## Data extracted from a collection
*** Begin section ***

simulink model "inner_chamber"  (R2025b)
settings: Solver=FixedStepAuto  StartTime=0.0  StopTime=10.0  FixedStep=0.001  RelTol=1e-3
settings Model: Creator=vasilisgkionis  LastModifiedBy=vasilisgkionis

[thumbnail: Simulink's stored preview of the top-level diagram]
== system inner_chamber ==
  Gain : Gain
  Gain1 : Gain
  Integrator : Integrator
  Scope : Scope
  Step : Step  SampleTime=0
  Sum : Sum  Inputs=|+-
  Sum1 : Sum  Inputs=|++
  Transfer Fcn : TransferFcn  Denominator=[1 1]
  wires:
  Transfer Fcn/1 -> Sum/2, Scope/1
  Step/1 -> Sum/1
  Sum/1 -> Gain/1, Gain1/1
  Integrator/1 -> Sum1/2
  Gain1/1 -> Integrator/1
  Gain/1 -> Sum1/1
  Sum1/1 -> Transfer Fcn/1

*** End section ***

Extract the entries above verbatim.

simulink model "inner_chamber"  (R2025b)
settings: Solver=FixedStepAuto  StartTime=0.0  StopTime=10.0  FixedStep=0.001  RelTol=1e-3
settings Model: Creator=vasilisgkionis  LastModifiedBy=vasilisgkionis

[thumbnail: Simulink's stored preview of the top-level diagram]
== system inner_chamber ==
  Gain : Gain
  Gain1 : Gain
  Integrator : Integrator
  Scope : Scope
  Step : Step  SampleTime=0
  Sum : Sum  Inputs=|+-
  Sum1 : Sum  Inputs=|++
  Transfer Fcn : TransferFcn  Denominator=[1 1]
  wires:
  Transfer Fcn/1 -> Sum/2, Scope/1
  Step/1 -> Sum/1
  Sum/1 -> Gain/1, Gain1/1
  Integrator/1 -> Sum1/2
  Gain1/1 -> Integrator/1
  Gain/1 -> Sum1/1
  Sum1/1 -> Transfer Fcn/1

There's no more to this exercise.